Ein krankes Spiel stellte die bisherigen irren Ereignisse in den Schatten.
“Das ist jetzt nicht Euer Ernst. Auf gar keinen Fall!”
Geschockt schaute ich zuerst die Crew an, dann zum wiederholten mal die Nachricht.
Hallo,
mein Name ist Miles Eckhardt. Ich betreibe eine kleine PMC in Loreville. Ihr seid also die “Crew”. Glaubt ihr man kann etwas so besonderes einfach unbemerkt im Sande versenken. Da irrt ihr Euch und ich habe ein paar Infos die für Euch vielleicht interessant wären. Aber erst müsst ihr etwas für mich tun. Hier stapeln sich ein paar Aufträge und ihr könntet ja mal unter Beweis stellen, dass ihr als Crew und mit eurem Schiff mal einfach einen Job hinbekommt. Dann helfe ich euch auch weiter. Eine Hand wäscht die andere. Aber genug der Worte. Trefft mich in der Bar in Loreville. Sprecht dort aber nicht von der Kiste. Macht euren Job und dann sehen wir weiter. OK?
“Und woher weiß der Typ von uns? Kennt der etwa unsere Namen? Das kann doch nicht wahr sein! Ich will nicht wieder von diesen Hurston Typen eingebuchtet werden.”
Erbost sprang ich auf und lief wie ein nervöses Tier in der Messe auf und ab. Die Crew diskutierte. Schließlich flogen Brubacker, Ella und Husky mit dem Tochterschiff nach Lorville. Hermieoth und ich blieben mit der Carrack im Weltall.
Es fühlte sich an, als würde jemand hinter mir stehen, mich die ganze Zeit beobachten. Den Atem der Hurston Familie, die mit ihren Klauen nach mir griff, konnte ich deutlich spüren. Um mich etwas zu beruhigen, fing ich an, das Schiff zu durchsuchen. Ich hatte zwar keine Ahnung, wonach ich suchte, aber ich wollte nicht nur rumsitzen und warten.

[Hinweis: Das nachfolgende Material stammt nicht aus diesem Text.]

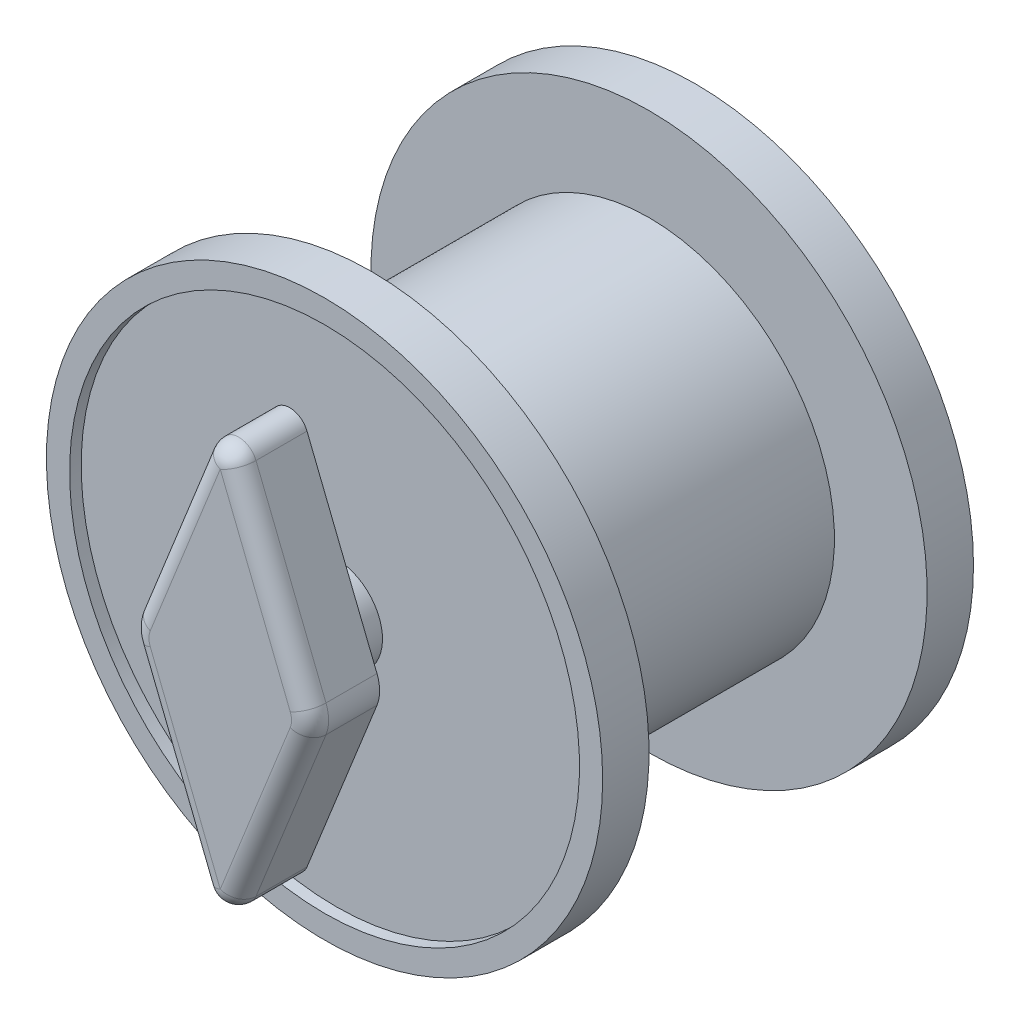
from build123d import *

# Parameters (mm, degrees)
SKETCH1_R           = 38.1
BOSS_EXTRUDE1_DEPTH = 50.8
SKETCH2_W           = 38.1
SKETCH2_H           = 12.7
SKETCH2_W_2         = 1.5875
SKETCH2_H_2         = 34.925
SKETCH4_R           = 6.35
BOSS_EXTRUDE2_DEPTH = 6.35
BOSS_EXTRUDE3_DEPTH = 9.525
FILLET1_R           = 2.54
SKETCH6_W           = 3.175
SKETCH6_H           = 12.7
CUT_EXTRUDE1_DEPTH  = 12.7
SHELL1_START        = 3.81
SHELL1_OUTLINE_R    = 22.86
SHELL1_OUTLINE_W    = 8.255
SHELL1_OUTLINE_H    = 17.78
SHELL1_DEPTH        = 42.8625
SHELL1_START_2      = 7.9375
SHELL1_2_OUTLINE_W  = 8.255
SHELL1_2_OUTLINE_H  = 17.78
SHELL1_2_DEPTH      = 38.735
SHELL1_START_3      = 58.1025
SHELL1_3_DEPTH      = 4.445
SHELL1_START_4      = 46.6725
SHELL1_4_OUTLINE_R  = 3.81
SHELL1_4_DEPTH      = 11.43
SHELL1_START_5      = -2.2225
SHELL1_6_OUTLINE_R  = 19.05
SHELL1_6_OUTLINE_W  = 8.255
SHELL1_6_OUTLINE_H  = 17.78
SHELL1_6_DEPTH      = 6.0325


with BuildPart() as part:
    # Sketch1 → Boss-Extrude1 (new body)
    with BuildSketch(Plane.XY):
        Circle(SKETCH1_R)
    extrude(amount=BOSS_EXTRUDE1_DEPTH)

    # Sketch2 → Cut-Revolve1 (revolve, cut)
    with BuildSketch(Plane(origin=(0, 0, 0), x_dir=(0, 0, -1), z_dir=(1, 0, 0))):
        with Locations((-25.4, 31.75)):
            Rectangle(SKETCH2_W, SKETCH2_H)
        with Locations((-0.79375, 17.4625)):
            Rectangle(SKETCH2_W_2, SKETCH2_H_2)
        with Locations((-50.00625, 17.4625)):
            Rectangle(SKETCH2_W_2, SKETCH2_H_2)
    revolve(axis=Axis((0, 0, 0), (0, 0, 1)), mode=Mode.SUBTRACT)

    # Sketch3 → Revolve1 (revolve)
    with BuildSketch(Plane(origin=(0, 0, 0), x_dir=(0, 0, -1), z_dir=(1, 0, 0))):
        with BuildLine():
            Line((4.7625, 19.05), (4.7625, 0))
            Line((4.7625, 0), (-1.5875, 0))
            Line((-1.5875, 0), (-1.5875, 25.4))
            Line((-1.5875, 25.4), (1.99026356, 23.575552712))
            ThreePointArc((1.99026356, 23.575552712), (4.014349425, 21.703578821), (4.7625, 19.05))
        make_face()
    revolve(axis=Axis((0, 0, -4.7625), (0, 0, 1)))

    # Sketch4 → Boss-Extrude2 (add)
    with BuildSketch(Plane.XY.offset(49.2125)):
        with Locations(Location((0, 0, 0), (0, 0, 90))):
            Circle(SKETCH4_R)
    extrude(amount=BOSS_EXTRUDE2_DEPTH)

    # Sketch5 → Boss-Extrude3 (add)
    with BuildSketch(Plane.XY.offset(55.5625)):
        with BuildLine():
            Line((-2.358330795, 25.854173013), (-11.945334146, 1.886664636))
            ThreePointArc((-11.945334146, 1.886664636), (-12.308672556, 0), (-11.945334146, -1.886664636))
            Line((-11.945334146, -1.886664636), (-2.358330795, -25.854173013))
            ThreePointArc((-2.358330795, -25.854173013), (0, -27.450840695), (2.358330795, -25.854173013))
            Line((2.358330795, -25.854173013), (11.945334146, -1.886664636))
            ThreePointArc((11.945334146, -1.886664636), (12.308672556, 0), (11.945334146, 1.886664636))
            Line((11.945334146, 1.886664636), (2.358330795, 25.854173013))
            ThreePointArc((2.358330795, 25.854173013), (0, 27.450840695), (-2.358330795, 25.854173013))
        make_face()
    extrude(amount=BOSS_EXTRUDE3_DEPTH)

    # Fillet1
    fillet1_edges = [part.edges().sort_by_distance(p)[0] for p in [
        (0, -27.450840695, 65.0875),
        (7.15183247, -13.870418824, 65.0875),
        (12.308672556, 0, 65.0875),
        (7.15183247, 13.870418824, 65.0875),
        (0, 27.450840695, 65.0875),
        (-7.15183247, 13.870418824, 65.0875),
        (-12.308672556, 0, 65.0875),
        (-7.15183247, -13.870418824, 65.0875),
    ]]
    fillet(fillet1_edges, radius=FILLET1_R)

    # Sketch6 → Cut-Extrude1 (cut)
    with BuildSketch(Plane(origin=(0, 0, -4.7625), x_dir=(-1, 0, 0), z_dir=(0, 0, -1))):
        Rectangle(SKETCH6_W, SKETCH6_H)
    extrude(amount=-CUT_EXTRUDE1_DEPTH, mode=Mode.SUBTRACT)

    # Shell1: read off the stored shape, not the designer's step
    # Shell1 outline → Shell1 (cut)
    with BuildSketch(Plane.XY.offset(SHELL1_START)):
        Circle(SHELL1_OUTLINE_R)
        Rectangle(SHELL1_OUTLINE_W, SHELL1_OUTLINE_H, mode=Mode.SUBTRACT)
    extrude(amount=SHELL1_DEPTH, mode=Mode.SUBTRACT)

    # Shell1 2 outline → Shell1 2 (cut)
    with BuildSketch(Plane.XY.offset(SHELL1_START_2)):
        Rectangle(SHELL1_2_OUTLINE_W, SHELL1_2_OUTLINE_H)
    extrude(amount=SHELL1_2_DEPTH, mode=Mode.SUBTRACT)

    # Shell1 3 outline → Shell1 3 (cut)
    with BuildSketch(Plane.XY.offset(SHELL1_START_3)):
        with BuildLine():
            Line((9.587003351, 0.943332318), (0, 24.910840695))
            Line((0, 24.910840695), (-9.587003351, 0.943332318))
            ThreePointArc((-9.587003351, 0.943332318), (-9.768672556, 0), (-9.587003351, -0.943332318))
            Line((-9.587003351, -0.943332318), (0, -24.910840695))
            Line((0, -24.910840695), (9.587003351, -0.943332318))
            ThreePointArc((9.587003351, -0.943332318), (9.768672556, 0), (9.587003351, 0.943332318))
        make_face()
    extrude(amount=SHELL1_3_DEPTH, mode=Mode.SUBTRACT)

    # Shell1 4 outline → Shell1 4 (cut)
    with BuildSketch(Plane.XY.offset(SHELL1_START_4)):
        Circle(SHELL1_4_OUTLINE_R)
    extrude(amount=SHELL1_4_DEPTH, mode=Mode.SUBTRACT)

    # Shell1 5 outline → Shell1 5 (revolve, cut)
    with BuildSketch(Plane.XZ):
        with BuildLine():
            ThreePointArc((19.05, -2.2225), (20.37678941, -1.848424713), (21.312776356, -0.83638178))
            Line((21.312776356, -0.83638178), (23.682155577, 3.81))
            Line((23.682155577, 3.81), (19.05, 3.81))
            Line((19.05, 3.81), (19.05, -2.2225))
        make_face()
    revolve(axis=Axis((0, 0, 0), (0, 0, 1)), mode=Mode.SUBTRACT)

    # Shell1 6 outline → Shell1 6 (cut)
    with BuildSketch(Plane.XY.offset(SHELL1_START_5)):
        Circle(SHELL1_6_OUTLINE_R)
        Rectangle(SHELL1_6_OUTLINE_W, SHELL1_6_OUTLINE_H, mode=Mode.SUBTRACT)
    extrude(amount=SHELL1_6_DEPTH, mode=Mode.SUBTRACT)


solid = part.part
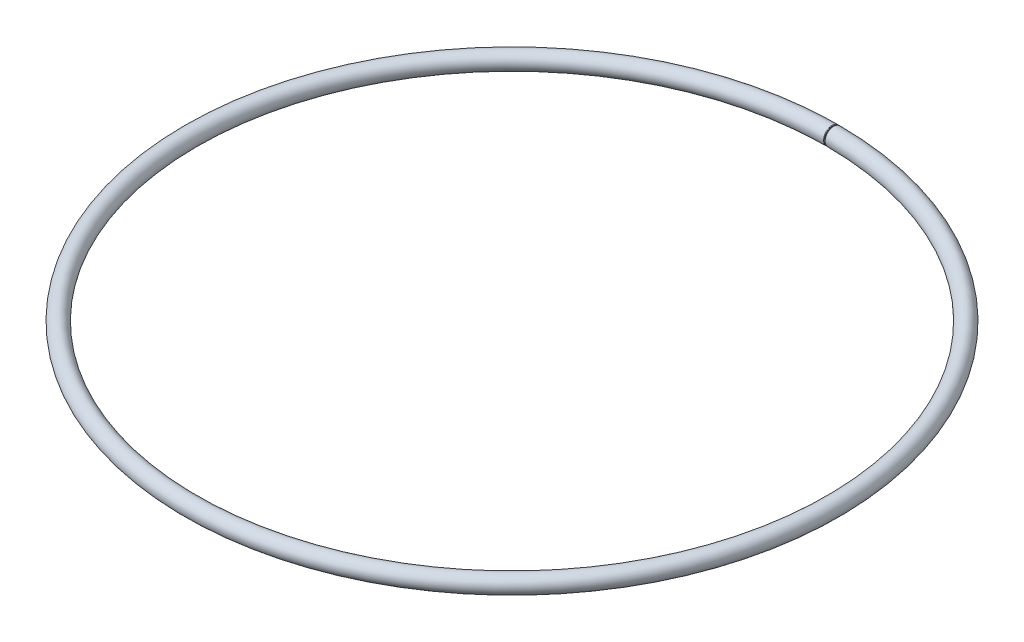
from build123d import *

# Parameters (mm, degrees)
SKETCH2_R               = 9.75
SKETCH2_R_2             = 8.25
CUT_EXTRUDE1_DEPTH      = 10
CUT_EXTRUDE1_DEPTH_BACK = 10
FILLET1_R               = 0.5


with BuildPart() as part:
    # Sketch2 → Revolve1 (revolve)
    with BuildSketch(Plane(origin=(0, 0, 0), x_dir=(0, 0, -1), z_dir=(1, 0, 0))):
        with Locations((-362.75, 0)):
            Circle(SKETCH2_R)
        with Locations((-362.75, 0)):
            Circle(SKETCH2_R_2, mode=Mode.SUBTRACT)
    revolve(axis=Axis((0, 0, 0), (0, 1, 0)))

    # Sketch3 → Cut-Extrude1 (cut, two sides: drawn at the far end of the back side and taken through both)
    with BuildSketch(Plane(origin=(0, 0, 0), x_dir=(1, 0, 0), z_dir=(0, 1, 0)).offset(-CUT_EXTRUDE1_DEPTH_BACK)):
        Polygon((0, 373.506607592), (0.5, 373.506607592), (0.5, 352.729632285), (-0.5, 352.729632285), (-0.5, 373.506607592), align=None)
    extrude(amount=CUT_EXTRUDE1_DEPTH + CUT_EXTRUDE1_DEPTH_BACK, mode=Mode.SUBTRACT)

    # Fillet1
    fillet1_edges = [part.edges().sort_by_distance(p)[0] for p in [
        (0.5, 0, -372.499664429),
        (-0.5, 0, -372.499664429),
        (0.5, 0, -370.999663073),
        (-0.5, 0, -370.999663073),
    ]]
    fillet(fillet1_edges, radius=FILLET1_R)


solid = part.part

Im Maschinenraum öffnete ich die Klappe zur Lebenserhaltung. Und da war etwas, das da nicht hin gehörte. Eine Gasflasche. Sie sah aus wie eine Wasserflasche. Und sie war an die Lüftungsanlage angeschlossen. Nachdem ich die Flasche demontiert hatte, hielt ich sie verwundert in der Hand. Vorsichtig drehte ich den blauen Behälter hin und her, als ich plötzlich eine Stimme hinter mir hörte.
“Was machst Du da Zero?”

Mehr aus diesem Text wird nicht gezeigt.